Only 19% (n = 5) LIC institutions had access to PN compared to 93% (n = 14) and 100% (n = 26) in MIC and HIC, respectively. The time to start enteral feeds was similar; 10 (2-28), 14 (1-21), and 9 days (0-23) in LIC, MIC and HIC, respectively. However, LIC delegates reported a shorter duration to full enteral feeds at 14 days (4-42) compared to 21 (2-35) and 25 days (8-42) in MIC and HIC, respectively. Only 36% (n = 9) LIC institutions had access to neonatal intensive care compared to 93% (n = 14) and 100% (n = 26) in MIC and HIC, respectively.
Sixty-one percent (n = 20) LIC delegates stated that mortality from GS in their centres is over 75% and a further 33% (n = 11) stated it is 50-75%. This compares to all delegates in HIC stating a mortality rate of under 25% [P < 0.0001, [Figure 3]].
|Figure 3: Mortality rates from gastroschisis in low, middle and high-income countries|
Click here to view
Comments from LIC delegates included the following:
- Patients come late and die of sepsis and malnutrition (Accra, Nairobi, Mahajanga)
- No antenatal diagnosis, no PFS, no PN, no ventilators and sometimes no anaesthesia (Accra, Lilongwe, Dar es Salaam)
- There is a need for PFS in developing countries. Availability could significantly improve outcome (Nigeria)
- We are keen to try PFS (Dar es Salaam)
- Because of high mortality rate, parents are discouraged from spending on care for these patients (Nigeria)
- Due to high mortality, only one surgeon is prepared to attempt operative management. The others institute palliative care (Lusaka, Zambia).
Comments from MIC included:
- We have begun to attempt closure with no anaesthesia in a few cases (East Cape Province, South Africa)
- Although I use silo bags primarily, not all cases should be managed with a silo, "one shoe does not fit all" (Johannesburg, South Africa).

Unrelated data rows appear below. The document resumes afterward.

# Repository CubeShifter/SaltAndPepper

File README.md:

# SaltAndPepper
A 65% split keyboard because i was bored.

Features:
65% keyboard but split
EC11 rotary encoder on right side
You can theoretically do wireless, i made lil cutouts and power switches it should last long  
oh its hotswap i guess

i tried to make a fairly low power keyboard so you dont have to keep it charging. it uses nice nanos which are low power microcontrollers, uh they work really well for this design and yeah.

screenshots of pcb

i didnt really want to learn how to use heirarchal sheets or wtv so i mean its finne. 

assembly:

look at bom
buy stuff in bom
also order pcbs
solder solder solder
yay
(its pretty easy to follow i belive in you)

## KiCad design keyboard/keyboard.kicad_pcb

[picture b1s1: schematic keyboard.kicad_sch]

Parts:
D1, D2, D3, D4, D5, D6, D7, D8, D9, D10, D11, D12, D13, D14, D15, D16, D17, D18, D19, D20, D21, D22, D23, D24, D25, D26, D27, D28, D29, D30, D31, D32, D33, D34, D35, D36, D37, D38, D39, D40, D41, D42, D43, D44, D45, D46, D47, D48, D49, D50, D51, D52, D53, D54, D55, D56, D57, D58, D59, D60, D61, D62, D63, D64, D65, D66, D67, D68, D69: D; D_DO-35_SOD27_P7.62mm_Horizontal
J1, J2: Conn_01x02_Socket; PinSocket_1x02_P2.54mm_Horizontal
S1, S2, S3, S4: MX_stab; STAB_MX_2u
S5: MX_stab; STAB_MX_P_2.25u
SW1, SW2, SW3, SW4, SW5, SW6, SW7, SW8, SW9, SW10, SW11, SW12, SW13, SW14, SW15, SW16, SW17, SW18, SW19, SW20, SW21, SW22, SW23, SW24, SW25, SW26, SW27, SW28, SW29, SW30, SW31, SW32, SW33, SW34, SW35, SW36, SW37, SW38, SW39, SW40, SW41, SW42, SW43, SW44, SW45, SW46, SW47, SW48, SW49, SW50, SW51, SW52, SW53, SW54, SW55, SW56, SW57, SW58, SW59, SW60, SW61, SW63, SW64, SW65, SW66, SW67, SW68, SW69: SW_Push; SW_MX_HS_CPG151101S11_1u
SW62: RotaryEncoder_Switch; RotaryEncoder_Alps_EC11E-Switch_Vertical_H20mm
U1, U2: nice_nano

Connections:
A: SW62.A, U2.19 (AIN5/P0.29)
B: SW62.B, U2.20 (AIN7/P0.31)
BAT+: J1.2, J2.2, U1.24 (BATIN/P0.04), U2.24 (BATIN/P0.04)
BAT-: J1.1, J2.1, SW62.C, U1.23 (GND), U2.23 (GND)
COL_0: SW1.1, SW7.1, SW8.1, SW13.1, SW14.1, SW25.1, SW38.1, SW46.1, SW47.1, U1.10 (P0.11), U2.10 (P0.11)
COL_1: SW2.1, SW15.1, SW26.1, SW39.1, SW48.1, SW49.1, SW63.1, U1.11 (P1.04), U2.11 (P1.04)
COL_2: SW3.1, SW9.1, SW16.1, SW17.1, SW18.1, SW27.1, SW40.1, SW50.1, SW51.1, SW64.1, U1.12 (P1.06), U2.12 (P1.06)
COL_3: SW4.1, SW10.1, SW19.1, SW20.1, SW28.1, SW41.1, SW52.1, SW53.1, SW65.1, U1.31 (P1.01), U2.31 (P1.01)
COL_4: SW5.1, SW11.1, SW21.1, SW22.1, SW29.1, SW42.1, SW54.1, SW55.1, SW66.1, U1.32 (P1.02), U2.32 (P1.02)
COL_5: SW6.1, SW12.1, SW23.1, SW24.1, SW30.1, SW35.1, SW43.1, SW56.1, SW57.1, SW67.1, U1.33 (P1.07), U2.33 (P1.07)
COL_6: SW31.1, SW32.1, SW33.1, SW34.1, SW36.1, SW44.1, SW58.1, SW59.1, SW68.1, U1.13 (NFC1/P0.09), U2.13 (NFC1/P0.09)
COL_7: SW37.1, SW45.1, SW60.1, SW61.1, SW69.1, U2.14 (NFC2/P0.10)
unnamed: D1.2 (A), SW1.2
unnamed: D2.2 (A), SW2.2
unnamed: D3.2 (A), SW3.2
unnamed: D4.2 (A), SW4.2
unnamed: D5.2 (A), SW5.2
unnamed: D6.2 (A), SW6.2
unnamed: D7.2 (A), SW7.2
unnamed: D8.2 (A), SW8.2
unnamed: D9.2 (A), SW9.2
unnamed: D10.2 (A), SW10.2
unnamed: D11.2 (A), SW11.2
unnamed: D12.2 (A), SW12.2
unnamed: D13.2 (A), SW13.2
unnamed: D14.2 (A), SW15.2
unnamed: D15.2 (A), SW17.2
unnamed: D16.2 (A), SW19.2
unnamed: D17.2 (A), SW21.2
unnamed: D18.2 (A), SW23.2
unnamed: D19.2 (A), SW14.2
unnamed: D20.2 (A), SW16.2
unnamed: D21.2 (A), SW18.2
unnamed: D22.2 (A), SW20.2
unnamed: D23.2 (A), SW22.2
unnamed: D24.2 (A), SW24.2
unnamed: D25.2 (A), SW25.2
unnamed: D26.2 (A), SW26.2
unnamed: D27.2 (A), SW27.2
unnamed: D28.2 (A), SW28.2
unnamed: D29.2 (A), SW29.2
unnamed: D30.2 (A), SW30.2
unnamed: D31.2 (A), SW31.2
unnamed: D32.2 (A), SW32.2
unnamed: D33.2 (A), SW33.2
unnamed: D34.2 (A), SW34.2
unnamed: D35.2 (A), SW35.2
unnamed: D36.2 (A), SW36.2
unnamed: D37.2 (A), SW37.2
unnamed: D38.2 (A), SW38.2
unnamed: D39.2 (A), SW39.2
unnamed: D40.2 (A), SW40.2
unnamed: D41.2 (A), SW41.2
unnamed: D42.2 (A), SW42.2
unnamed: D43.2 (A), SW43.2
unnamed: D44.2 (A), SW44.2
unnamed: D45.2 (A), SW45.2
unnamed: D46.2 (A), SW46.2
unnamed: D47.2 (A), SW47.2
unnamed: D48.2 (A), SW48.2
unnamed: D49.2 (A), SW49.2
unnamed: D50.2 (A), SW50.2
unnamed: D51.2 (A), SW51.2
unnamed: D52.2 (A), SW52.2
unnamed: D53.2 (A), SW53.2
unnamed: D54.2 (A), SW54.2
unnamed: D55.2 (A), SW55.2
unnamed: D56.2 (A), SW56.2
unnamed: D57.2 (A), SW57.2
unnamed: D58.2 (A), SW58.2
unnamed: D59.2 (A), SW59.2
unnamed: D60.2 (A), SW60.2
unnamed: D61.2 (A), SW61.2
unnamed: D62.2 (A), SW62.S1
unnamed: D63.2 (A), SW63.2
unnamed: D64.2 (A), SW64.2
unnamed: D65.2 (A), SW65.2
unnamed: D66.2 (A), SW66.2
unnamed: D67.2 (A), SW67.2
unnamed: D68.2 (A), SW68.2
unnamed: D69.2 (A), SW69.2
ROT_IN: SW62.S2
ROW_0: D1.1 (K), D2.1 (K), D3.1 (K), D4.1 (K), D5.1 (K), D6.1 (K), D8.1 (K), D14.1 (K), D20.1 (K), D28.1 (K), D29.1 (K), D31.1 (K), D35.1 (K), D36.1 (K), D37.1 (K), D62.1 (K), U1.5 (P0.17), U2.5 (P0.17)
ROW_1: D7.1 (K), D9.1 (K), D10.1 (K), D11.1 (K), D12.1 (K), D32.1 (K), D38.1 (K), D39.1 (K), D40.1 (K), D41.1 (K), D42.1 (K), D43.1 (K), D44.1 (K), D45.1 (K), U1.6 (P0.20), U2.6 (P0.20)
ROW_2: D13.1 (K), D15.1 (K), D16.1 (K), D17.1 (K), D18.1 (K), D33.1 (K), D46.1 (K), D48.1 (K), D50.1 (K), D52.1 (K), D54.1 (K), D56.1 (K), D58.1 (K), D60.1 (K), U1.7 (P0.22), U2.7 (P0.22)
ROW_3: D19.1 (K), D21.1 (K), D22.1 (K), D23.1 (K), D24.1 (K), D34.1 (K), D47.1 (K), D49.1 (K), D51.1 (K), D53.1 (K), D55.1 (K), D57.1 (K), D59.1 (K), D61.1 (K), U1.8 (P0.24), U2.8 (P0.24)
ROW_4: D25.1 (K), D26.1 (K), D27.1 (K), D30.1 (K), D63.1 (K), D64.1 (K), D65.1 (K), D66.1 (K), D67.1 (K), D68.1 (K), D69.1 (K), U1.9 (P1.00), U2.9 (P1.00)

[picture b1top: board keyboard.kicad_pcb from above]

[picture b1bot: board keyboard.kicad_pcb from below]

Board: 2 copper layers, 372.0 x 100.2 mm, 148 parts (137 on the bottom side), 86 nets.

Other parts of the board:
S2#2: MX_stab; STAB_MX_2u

Comments from HIC included:
- Preformed silos should be used selectively as they are not problem free - complications can be disastrous with bowel ischaemia and volvulus (Oxford, UK).
| Discussion|| |
This study confirms that GS is encountered on a regular basis by paediatric surgeons in SSA. The data is an estimate by surgeons and does not represent a true incidence. Nevertheless, it is important as GS is considered a disease seen only in the Western world by some specialists in SSA. Others have chosen to ignore it as a result of high mortality. The high mortality should be put firmly in historical context. It is advances in foetal medicine, intensive care and PN that have resulted in the fall of mortality rates from GS in the Western World from 60% in the 1960s to 4% more recently. 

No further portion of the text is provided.